Life’s code in soap

Biological languages follow the laws of thermodynamics

June 11, 2008 at 10:26 am

By mixing soapy water, oil and the theory of information, a physicist has found a possible clue to the origin of the genetic code, as well as to the structure of other biochemical languages.

Life’s workhorse molecules are made from only 20 different types of amino acids, encoded in the chemical makeup of DNA. In principle, DNA could code for about three times that many, 64 possible combinations. Comparing the genetic code with the physics of soapy water suggests an explanation for why nature chose 20 as an optimal number, Tsvi Tlusty of the Weizmann Institute of Science in Rehovot, Israel, reports in an upcoming Proceedings of the National Academy of Sciences.

Genes are segments of DNA that encode instructions for constructing the molecules, primarily proteins, needed to build and operate cells. Each gene is a long sequence of “letters” — A, C, T and G — symbols for the chemical bases adenine, cytosine, thymine, and guanine. Each three-letter combination specifies an amino acid. But the code is redundant, meaning that sometimes different triplets represent the same amino acid — for example, CAA and CAG both represent glutamine.

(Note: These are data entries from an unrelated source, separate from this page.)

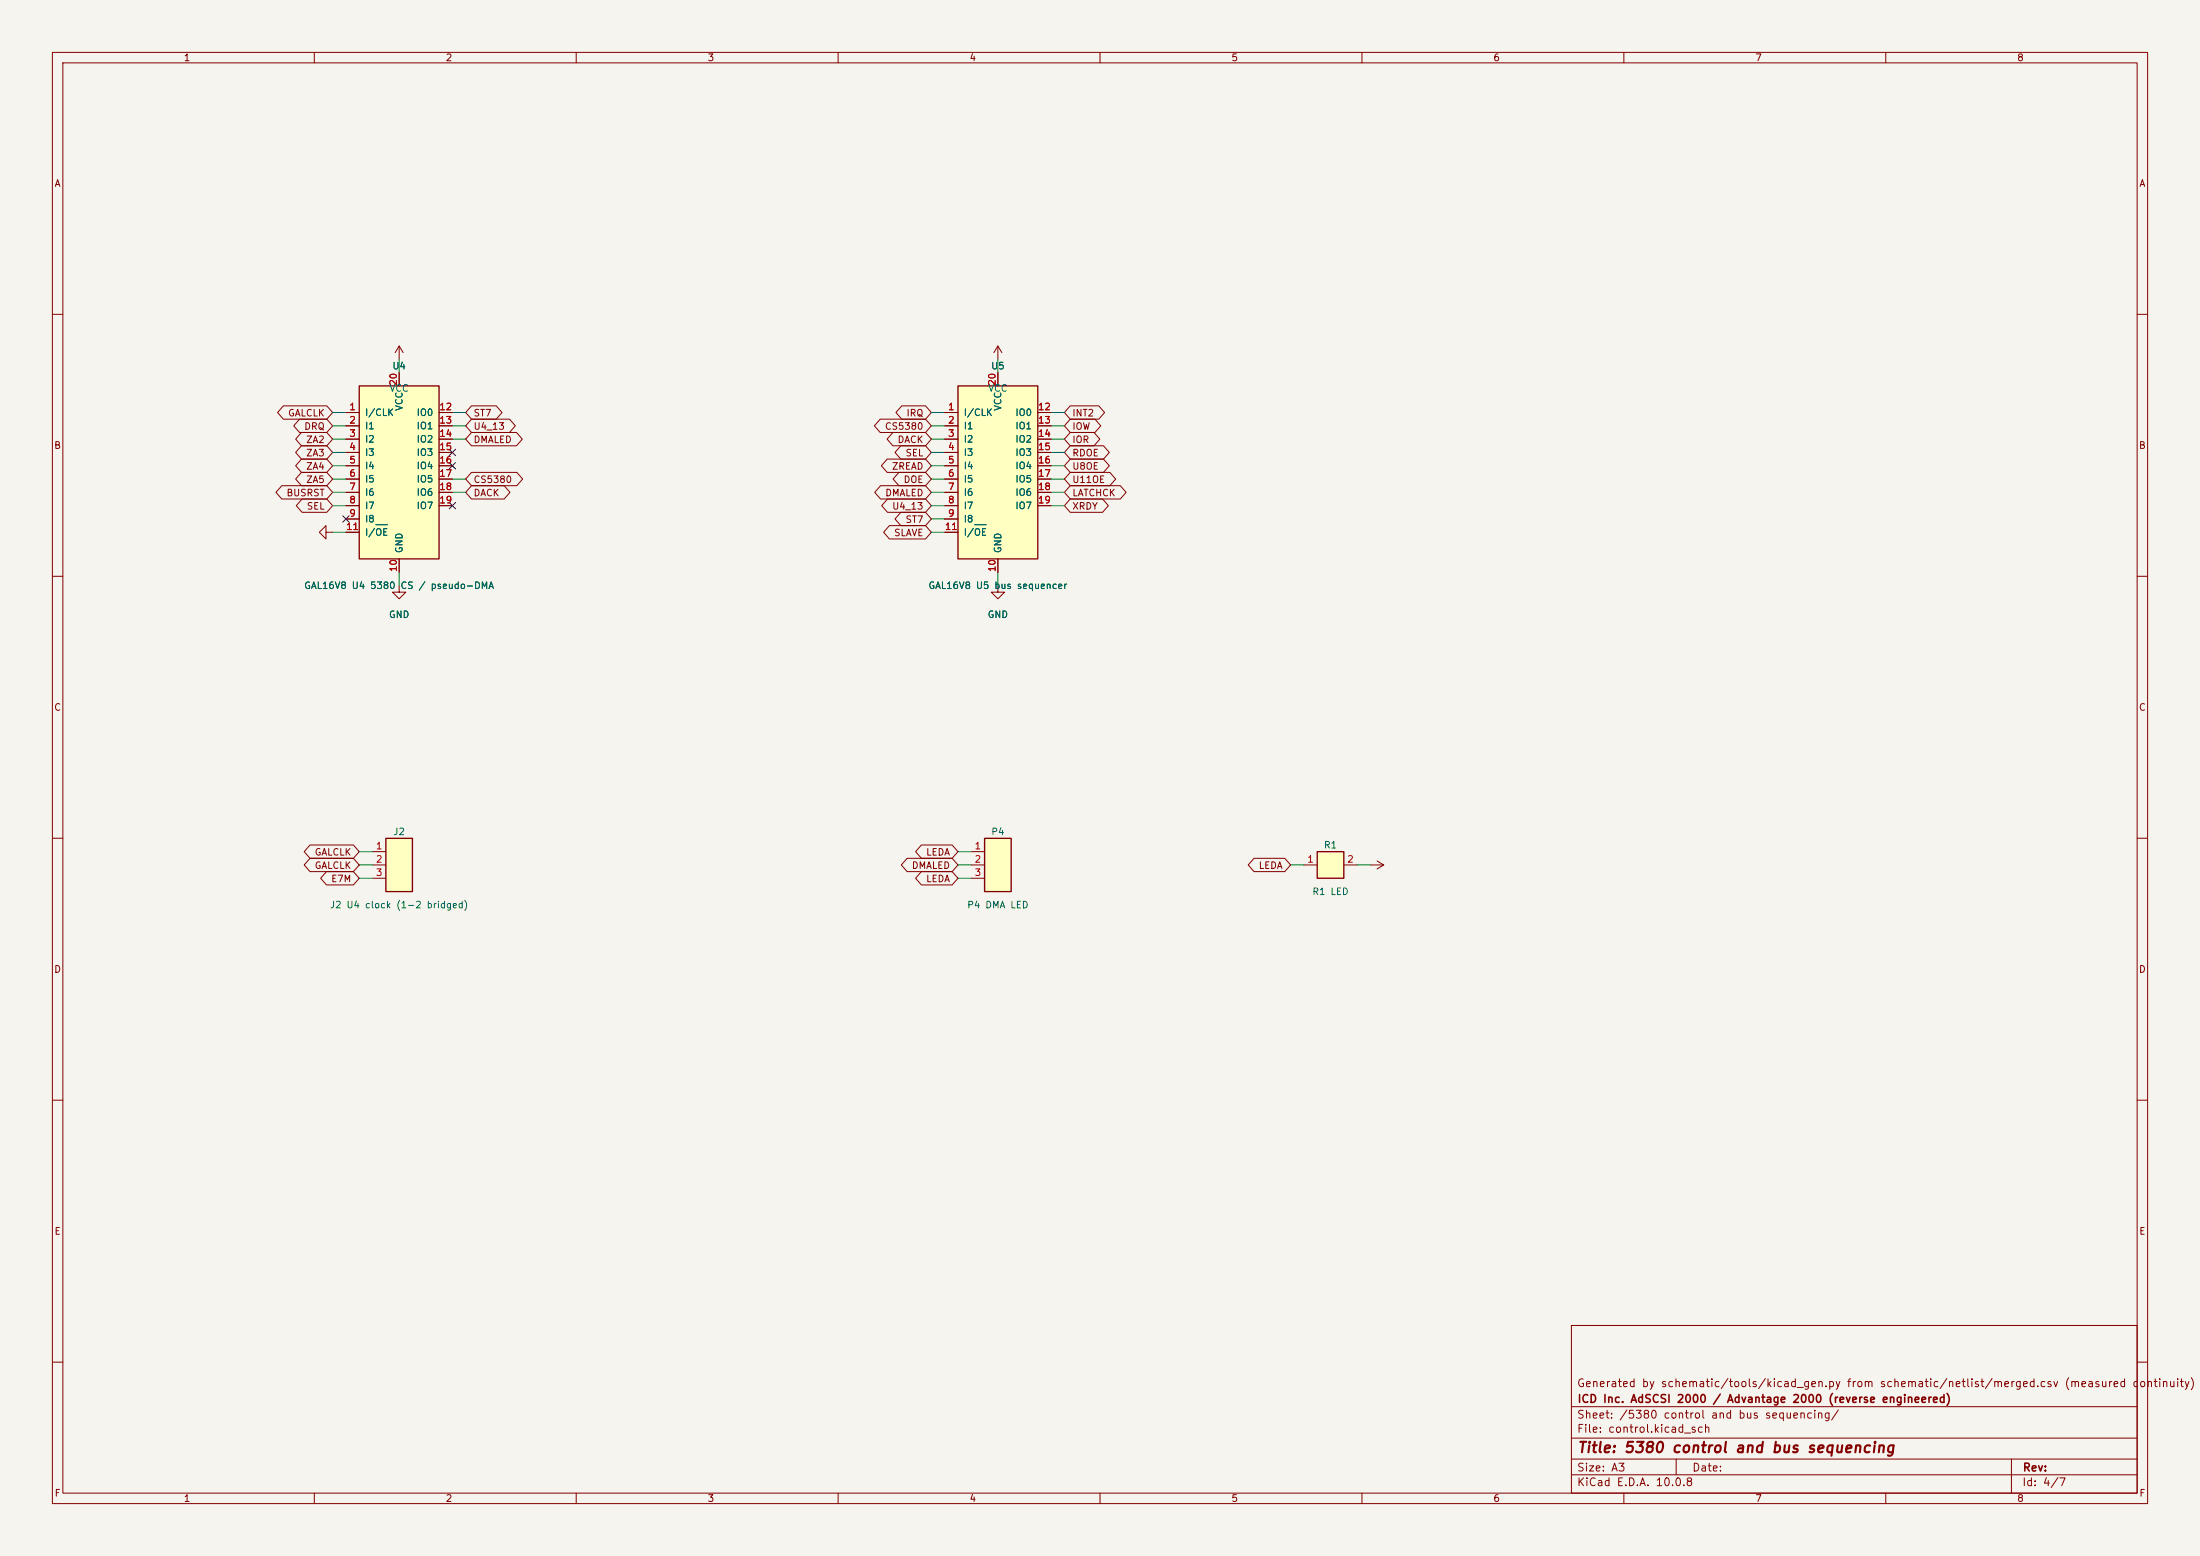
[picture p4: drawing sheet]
<svg xmlns="http://www.w3.org/2000/svg" width="420mm" height="297mm" viewBox="0 0 420 297" stroke-linecap="round" stroke-linejoin="round" font-family="sans-serif">
<path d="M0 0h420v297h-420z" fill="#f5f4ef" stroke="#f5f4ef" stroke-width=".19"/>
<g fill="none" stroke="#840000" stroke-width=".19">
<path d="M10 10h400v277h-400zM12 12h396v273h-396zM60 10v2M110 10v2M160 10v2M210 10v2M260 10v2M310 10v2M360 10v2M10 60h2M189.7 67.3l.8-1.3 .8 1.3M190.5 66v2.6"/>
<path d="M408 60h2M10 110h2M76.2 111.8v1.2h1.3l-1.3 1.3-1.3-1.3h1.3M408 110h2M10 160h2M408 160h2M10 210h2M408 210h2M300 253h108v32h-108zM10 260h2M300 278.5h108M300 274.5h108"/>
<path d="M300 268.5h108M320 278.5v3M384 278.5v6.5M408 260h2M60 285v2M110 285v2M160 285v2M210 285v2M260 285v2M300 281.5h108M310 285v2M360 285v2"/>
</g>
<path d="M188 160h5v10.2h-5z" fill="#ffffc2"/>
<path d="M188 160h5v10.2h-5z" fill="none" stroke="#840000" stroke-width=".25"/>
<path d="M185.4 162.6h2.6M185.4 165.1h2.6M185.4 167.6h2.6" fill="none" stroke="#840000" stroke-width=".19"/>
<path d="M251.5 162.6h5v5h-5z" fill="#ffffc2"/>
<path d="M251.5 162.6h5v5h-5z" fill="none" stroke="#840000" stroke-width=".25"/>
<path d="M248.9 165.1h2.6M256.5 165.1h2.6M261.6 165.1h2.6M262.9 164.3l1.3 .8-1.3 .8" fill="none" stroke="#840000" stroke-width=".19"/>
<path d="M182.9 73.7h15.2v33h-15.2z" fill="#ffffc2"/>
<path d="M182.9 73.7h15.2v33h-15.2z" fill="none" stroke="#840000" stroke-width=".25"/>
<g fill="none" stroke="#840000" stroke-width=".19">
<path d="M75.4 67.3l.8-1.3 .8 1.3M76.2 66v2.6M180.3 78.7h2.6M190.5 71.1v2.6M198.1 78.7h2.6M180.3 81.3h2.6M180.3 83.8h2.6M180.3 86.4h2.6M180.3 88.9h2.6M180.3 91.4h2.6M180.3 94h2.6M180.3 96.5h2.6"/>
<path d="M180.3 99.1h2.6M198.1 81.3h2.6M198.1 83.8h2.6M198.1 86.4h2.6M198.1 88.9h2.6M198.1 91.4h2.6M198.1 94h2.6M198.1 96.5h2.6M62.2 101.6v-1.3l-1.2 1.3 1.2 1.3v-1.3h1.3M180.3 101.6h2.6M190.5 106.7v2.5"/>
</g>
<path d="M186.1 100.2h2.2" fill="none" stroke="#006464" stroke-width=".19"/>
<path d="M68.6 73.7h15.2v33h-15.2z" fill="#ffffc2"/>
<path d="M68.6 73.7h15.2v33h-15.2z" fill="none" stroke="#840000" stroke-width=".25"/>
<g fill="none" stroke="#840000" stroke-width=".19">
<path d="M66 78.7h2.6M76.2 71.1v2.6M83.8 78.7h2.6M66 81.3h2.6M66 83.8h2.6M66 86.4h2.6M66 88.9h2.6M66 91.4h2.6M66 94h2.6M66 96.5h2.6M66 99.1h2.6M83.8 81.3h2.6"/>
<path d="M83.8 83.8h2.6M83.8 86.4h2.6M83.8 88.9h2.6M83.8 91.4h2.6M83.8 94h2.6M83.8 96.5h2.6M66 101.6h2.6M76.2 106.7v2.5M190.5 111.8v1.2h1.3l-1.3 1.3-1.3-1.3h1.3"/>
</g>
<path d="M71.8 100.2h2.2" fill="none" stroke="#006464" stroke-width=".19"/>
<path d="M73.7 160h5v10.2h-5z" fill="#ffffc2"/>
<path d="M73.7 160h5v10.2h-5z" fill="none" stroke="#840000" stroke-width=".25"/>
<g fill="none" stroke="#840000" stroke-width=".19">
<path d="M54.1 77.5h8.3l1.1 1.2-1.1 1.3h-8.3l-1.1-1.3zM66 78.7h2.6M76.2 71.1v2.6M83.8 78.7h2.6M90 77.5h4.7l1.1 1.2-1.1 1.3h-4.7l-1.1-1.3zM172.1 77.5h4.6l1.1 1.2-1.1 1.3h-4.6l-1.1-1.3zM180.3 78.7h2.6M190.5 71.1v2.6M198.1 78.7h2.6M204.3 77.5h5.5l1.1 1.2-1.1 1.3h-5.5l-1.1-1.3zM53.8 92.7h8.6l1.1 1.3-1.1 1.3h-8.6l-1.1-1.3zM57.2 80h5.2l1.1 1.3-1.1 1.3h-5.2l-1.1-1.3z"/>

The genetic code presumably evolved from the diverse and chaotic chemistry of the Earth’s primordial broth. Before settling on the 20 standard amino acids, the developing code faced opposing pressures. Organisms with a more complex molecular language — using more than 20 types of amino acids — could have deployed a wider range of chemical combinations to adapt to environmental changes. But organisms with simpler chemistry required less molecular machinery and energy, Tlusty explains. And using fewer amino acids reduces the rate of random errors in copying genetic information: If several triplets have the same meaning, there’s a good chance that changing one letter will have no consequences.

Eventually the code reached an optimal level of richness, which provided flexibility without being too high-maintenance. Such a balancing act, Tlusty says, is similar to how certain physical systems tend to make arrangements that minimize energy while maximizing entropy (a measure of disorder).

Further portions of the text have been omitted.